La Ley de Seguridad Ciudadana se parece demasiado en algunos aspectos al ideario en esta materia del régimen anterior. El artículo 2 de la Ley de Orden Público de 1959 que aprobó el franquismo indicaba que se castigaría con multas muy elevadas a quienes atentasen contra «la unidad espiritual, nacional, política y social de España». Las sanciones eran impuestas por los gobernadores civiles, en un procedimiento sin ninguna garantía y sin intervención judicial. Las similitudes son evidentes.
La «ley mordaza» ha coincidido en su entrada en vigor con la reforma del Código Penal: ¿Se trata de una mera casualidad o responden ambas normas a una misma estrategia?
No es una casualidad y así lo ha indicado el Gobierno. Ambas reformas son complementarias y se han tramitado en paralelo. De hecho, se han despenalizado las faltas en el Código Penal y parte de estas conductas ahora se sancionan en la Ley de Seguridad Ciudadana. Al mismo tiempo, ese afán por endurecer los castigos en cuestiones vinculadas al orden público se ha trasladado también al Código Penal. Por ello, se incrementan casi todas las penas en esta materia. Y se introducen nuevos delitos, como el que castiga con prisión las protestas pacíficas en el interior de una entidad bancaria. O el que establece igualmente privación de libertad para quienes difundan contenidos en las redes sociales que puedan provocar alteraciones del orden público.
¿Hay vuelta atrás en este proceso de pérdida progresiva de derechos? Los partidos de la oposición se han comprometido a derogarla ley si llegan al poder, pero en ocasiones anteriores hemos visto que reformas regresivas se han mantenido por quienes las habían criticado y que leyes de excepción, lejos de derogarse, se han incorporado a la legislación común…

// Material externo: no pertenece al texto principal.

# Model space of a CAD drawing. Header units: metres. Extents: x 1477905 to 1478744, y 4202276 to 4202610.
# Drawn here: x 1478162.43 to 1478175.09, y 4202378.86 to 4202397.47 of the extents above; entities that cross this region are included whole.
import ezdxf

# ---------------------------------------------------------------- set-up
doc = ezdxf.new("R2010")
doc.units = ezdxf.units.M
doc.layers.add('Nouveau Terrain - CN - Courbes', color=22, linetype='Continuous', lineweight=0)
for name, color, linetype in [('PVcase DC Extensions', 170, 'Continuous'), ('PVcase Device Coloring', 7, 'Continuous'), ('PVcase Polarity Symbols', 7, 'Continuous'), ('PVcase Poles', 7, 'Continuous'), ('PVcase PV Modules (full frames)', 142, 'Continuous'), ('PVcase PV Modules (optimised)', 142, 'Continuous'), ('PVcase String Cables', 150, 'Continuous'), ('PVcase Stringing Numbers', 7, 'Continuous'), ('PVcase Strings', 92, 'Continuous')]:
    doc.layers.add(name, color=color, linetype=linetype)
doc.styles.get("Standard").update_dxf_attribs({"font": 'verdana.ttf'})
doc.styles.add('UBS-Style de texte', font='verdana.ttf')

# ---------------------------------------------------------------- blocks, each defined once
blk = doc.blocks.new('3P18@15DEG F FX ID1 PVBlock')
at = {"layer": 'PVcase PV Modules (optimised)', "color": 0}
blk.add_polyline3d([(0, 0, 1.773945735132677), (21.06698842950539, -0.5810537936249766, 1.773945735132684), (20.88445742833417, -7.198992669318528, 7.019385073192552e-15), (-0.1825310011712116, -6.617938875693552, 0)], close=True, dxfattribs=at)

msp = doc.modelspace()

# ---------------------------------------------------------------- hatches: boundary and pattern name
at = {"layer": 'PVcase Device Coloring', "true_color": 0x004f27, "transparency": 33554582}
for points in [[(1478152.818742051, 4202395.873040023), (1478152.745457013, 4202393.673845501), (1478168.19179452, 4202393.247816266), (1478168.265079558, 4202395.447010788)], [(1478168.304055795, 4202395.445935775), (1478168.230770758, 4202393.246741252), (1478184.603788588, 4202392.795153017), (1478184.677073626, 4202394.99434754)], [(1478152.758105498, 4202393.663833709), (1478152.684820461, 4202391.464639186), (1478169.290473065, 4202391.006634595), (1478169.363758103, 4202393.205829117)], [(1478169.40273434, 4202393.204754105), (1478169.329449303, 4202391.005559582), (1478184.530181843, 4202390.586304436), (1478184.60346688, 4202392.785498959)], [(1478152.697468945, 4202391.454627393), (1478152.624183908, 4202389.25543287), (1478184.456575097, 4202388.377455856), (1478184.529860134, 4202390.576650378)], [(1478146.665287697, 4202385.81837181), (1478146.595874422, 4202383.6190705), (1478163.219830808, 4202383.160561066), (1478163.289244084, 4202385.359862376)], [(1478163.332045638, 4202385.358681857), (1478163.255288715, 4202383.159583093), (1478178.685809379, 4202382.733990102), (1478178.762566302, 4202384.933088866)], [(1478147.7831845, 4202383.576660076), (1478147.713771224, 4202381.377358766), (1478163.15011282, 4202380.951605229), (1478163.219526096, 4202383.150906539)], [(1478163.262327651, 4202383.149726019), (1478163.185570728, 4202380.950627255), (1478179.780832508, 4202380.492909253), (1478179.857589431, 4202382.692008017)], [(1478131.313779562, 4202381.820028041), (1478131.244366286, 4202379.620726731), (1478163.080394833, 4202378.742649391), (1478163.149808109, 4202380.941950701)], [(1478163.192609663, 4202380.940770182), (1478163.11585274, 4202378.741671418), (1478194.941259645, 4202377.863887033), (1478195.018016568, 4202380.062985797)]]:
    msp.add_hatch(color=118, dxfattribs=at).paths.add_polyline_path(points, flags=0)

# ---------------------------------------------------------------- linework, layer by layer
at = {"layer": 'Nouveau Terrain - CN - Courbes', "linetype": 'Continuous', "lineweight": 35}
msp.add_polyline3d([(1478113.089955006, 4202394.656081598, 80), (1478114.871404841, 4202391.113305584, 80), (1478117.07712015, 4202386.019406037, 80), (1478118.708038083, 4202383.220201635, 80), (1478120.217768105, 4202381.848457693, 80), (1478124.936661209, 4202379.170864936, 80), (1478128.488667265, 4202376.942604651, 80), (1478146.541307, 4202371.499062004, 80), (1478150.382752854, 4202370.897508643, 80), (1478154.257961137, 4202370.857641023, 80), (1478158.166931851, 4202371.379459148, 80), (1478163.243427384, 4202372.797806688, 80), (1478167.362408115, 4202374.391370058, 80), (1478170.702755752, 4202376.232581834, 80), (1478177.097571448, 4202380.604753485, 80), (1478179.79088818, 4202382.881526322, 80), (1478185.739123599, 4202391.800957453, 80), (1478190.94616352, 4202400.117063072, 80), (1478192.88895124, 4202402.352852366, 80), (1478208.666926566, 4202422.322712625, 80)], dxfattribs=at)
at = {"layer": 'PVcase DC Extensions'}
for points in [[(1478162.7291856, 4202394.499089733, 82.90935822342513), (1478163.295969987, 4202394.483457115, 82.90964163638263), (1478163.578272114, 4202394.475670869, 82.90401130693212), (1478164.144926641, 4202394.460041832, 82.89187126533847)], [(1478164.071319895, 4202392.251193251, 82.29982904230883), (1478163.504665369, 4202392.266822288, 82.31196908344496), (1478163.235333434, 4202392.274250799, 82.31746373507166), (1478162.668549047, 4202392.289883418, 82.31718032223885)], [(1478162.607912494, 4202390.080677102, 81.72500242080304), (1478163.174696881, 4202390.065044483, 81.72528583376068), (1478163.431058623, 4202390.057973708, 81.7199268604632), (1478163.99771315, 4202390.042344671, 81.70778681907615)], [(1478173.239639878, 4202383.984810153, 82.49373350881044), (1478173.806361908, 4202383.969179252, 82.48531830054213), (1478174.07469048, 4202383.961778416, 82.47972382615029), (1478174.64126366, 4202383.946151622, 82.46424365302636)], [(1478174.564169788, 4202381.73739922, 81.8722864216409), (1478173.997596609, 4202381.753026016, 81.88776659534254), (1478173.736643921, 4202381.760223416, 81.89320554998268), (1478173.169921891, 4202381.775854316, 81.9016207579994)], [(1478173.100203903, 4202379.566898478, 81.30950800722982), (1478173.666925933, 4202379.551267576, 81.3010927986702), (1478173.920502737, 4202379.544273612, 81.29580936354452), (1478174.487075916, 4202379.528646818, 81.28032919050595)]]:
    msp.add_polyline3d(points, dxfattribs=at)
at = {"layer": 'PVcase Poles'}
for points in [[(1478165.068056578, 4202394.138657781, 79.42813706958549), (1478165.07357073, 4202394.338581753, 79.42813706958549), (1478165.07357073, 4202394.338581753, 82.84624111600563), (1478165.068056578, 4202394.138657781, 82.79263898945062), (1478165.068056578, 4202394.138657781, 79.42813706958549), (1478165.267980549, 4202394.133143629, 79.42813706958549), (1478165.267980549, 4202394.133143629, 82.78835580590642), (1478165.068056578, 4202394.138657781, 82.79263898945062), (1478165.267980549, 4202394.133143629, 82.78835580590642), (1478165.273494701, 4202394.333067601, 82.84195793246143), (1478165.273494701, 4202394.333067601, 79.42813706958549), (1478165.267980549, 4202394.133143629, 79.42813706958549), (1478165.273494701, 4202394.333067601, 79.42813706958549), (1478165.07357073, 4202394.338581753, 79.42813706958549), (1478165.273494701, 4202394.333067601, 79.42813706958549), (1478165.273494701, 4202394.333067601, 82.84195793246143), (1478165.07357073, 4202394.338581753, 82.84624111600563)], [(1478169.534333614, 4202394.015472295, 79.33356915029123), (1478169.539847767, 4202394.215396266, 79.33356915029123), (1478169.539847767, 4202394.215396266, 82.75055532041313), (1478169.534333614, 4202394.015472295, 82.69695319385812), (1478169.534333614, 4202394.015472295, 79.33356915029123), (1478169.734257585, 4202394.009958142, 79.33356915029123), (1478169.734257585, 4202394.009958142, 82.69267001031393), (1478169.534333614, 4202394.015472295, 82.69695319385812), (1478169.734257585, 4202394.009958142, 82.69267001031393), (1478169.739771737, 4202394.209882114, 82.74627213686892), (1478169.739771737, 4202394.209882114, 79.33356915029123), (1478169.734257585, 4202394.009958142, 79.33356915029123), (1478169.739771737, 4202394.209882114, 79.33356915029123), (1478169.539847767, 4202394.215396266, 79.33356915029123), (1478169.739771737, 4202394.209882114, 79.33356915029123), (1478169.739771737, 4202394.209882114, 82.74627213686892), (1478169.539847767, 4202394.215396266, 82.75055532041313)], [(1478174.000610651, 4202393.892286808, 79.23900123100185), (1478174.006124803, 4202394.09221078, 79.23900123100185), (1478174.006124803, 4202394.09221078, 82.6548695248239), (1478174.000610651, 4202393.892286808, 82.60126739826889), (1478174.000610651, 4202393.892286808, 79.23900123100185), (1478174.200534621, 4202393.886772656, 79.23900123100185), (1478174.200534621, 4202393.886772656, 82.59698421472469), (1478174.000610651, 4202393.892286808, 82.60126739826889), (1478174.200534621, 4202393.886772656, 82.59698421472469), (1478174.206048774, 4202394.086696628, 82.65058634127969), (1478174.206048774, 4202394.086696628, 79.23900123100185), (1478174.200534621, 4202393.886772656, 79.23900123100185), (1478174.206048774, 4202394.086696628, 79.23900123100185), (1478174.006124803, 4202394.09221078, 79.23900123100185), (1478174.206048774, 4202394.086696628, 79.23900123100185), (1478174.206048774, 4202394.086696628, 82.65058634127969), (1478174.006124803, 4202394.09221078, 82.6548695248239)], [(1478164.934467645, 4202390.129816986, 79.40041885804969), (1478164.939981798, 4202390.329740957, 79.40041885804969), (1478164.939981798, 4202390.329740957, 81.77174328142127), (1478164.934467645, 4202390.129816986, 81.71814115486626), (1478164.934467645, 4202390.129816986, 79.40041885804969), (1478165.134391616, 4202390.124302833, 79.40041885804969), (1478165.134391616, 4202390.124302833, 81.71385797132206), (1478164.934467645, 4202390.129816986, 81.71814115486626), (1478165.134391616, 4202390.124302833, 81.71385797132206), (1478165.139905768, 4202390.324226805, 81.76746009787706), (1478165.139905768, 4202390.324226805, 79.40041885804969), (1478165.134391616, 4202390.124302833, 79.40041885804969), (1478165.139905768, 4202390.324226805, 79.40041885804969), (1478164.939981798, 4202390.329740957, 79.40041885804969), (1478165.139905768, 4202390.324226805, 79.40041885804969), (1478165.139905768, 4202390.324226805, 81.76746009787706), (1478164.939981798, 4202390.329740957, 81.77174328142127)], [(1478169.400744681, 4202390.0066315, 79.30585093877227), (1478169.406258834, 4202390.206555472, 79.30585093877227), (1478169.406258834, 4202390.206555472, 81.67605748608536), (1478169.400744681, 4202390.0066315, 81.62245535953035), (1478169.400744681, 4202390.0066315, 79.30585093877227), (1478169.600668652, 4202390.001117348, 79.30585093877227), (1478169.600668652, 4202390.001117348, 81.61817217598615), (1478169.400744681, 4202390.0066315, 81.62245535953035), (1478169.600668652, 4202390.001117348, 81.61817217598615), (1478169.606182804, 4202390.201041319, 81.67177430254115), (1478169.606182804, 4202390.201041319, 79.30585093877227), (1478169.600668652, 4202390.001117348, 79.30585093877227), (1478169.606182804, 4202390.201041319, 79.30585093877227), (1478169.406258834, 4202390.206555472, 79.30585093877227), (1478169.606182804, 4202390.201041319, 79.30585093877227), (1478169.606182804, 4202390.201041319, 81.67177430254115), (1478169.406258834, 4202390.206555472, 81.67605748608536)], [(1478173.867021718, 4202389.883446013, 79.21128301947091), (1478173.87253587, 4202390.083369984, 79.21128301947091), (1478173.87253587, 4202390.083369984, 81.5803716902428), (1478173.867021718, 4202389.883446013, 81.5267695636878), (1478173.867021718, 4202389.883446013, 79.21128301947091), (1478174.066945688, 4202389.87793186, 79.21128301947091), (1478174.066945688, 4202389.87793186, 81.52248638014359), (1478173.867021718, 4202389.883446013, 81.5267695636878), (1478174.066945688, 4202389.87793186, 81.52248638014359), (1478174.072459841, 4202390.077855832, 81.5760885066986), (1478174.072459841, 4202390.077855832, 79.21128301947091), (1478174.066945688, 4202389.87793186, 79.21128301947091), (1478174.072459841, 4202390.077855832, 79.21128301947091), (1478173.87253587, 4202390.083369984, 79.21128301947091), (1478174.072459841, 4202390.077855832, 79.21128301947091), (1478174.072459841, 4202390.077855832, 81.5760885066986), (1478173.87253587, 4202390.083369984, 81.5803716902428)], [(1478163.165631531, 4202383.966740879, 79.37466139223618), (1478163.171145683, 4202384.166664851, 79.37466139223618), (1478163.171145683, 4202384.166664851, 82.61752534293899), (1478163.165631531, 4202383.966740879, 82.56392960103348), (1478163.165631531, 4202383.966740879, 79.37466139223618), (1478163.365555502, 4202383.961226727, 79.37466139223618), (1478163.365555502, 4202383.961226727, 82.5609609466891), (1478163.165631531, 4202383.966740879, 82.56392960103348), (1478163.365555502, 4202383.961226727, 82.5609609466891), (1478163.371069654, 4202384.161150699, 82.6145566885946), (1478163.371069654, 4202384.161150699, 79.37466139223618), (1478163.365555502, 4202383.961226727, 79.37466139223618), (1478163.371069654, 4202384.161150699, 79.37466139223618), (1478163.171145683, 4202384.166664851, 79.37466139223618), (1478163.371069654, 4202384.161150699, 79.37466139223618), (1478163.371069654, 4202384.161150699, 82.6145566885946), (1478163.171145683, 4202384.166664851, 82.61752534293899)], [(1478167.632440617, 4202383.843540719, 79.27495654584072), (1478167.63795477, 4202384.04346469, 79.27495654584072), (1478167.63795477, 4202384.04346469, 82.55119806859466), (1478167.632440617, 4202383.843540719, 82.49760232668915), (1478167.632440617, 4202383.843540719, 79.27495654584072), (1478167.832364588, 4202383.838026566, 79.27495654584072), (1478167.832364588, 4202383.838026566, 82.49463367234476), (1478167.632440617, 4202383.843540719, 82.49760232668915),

Eso siempre representa un riesgo. Se trata de preceptos que, aunque sean contrarios a las libertades, pueden ser valiosos como un instrumento al servicio del poder político, como elemento de disuasión de las protestas ciudadanas. Por eso ponen a prueba las convicciones democráticas de los gobernantes. De todos modos, hay que esperar que en un futuro se dejen sin efecto las normas contrarias a los derechos fundamentales. El fin nunca debería justificar los medios.
El Tribunal Constitucional derogó uno de los preceptos más polémicos de la anterior ley de seguridad ciudadana (el de «la patada en la puerta»), ¿confía en la capacidad del actual TC para hacer algo similar?
El Tribunal Constitucional ha cambiado bastante en sus últimos tiempos. Cada vez se han incorporado más magistrados con un acusado perfil político, en detrimento de aquellos más independientes y con mayores capacidades técnicas, que eran mayoría en etapas anteriores. En todo caso, el análisis de un asunto de estas características pondrá a prueba la credibilidad del alto tribunal en función de la calidad de la argumentación jurídica que adopte, con independencia del sentido de su sentencia.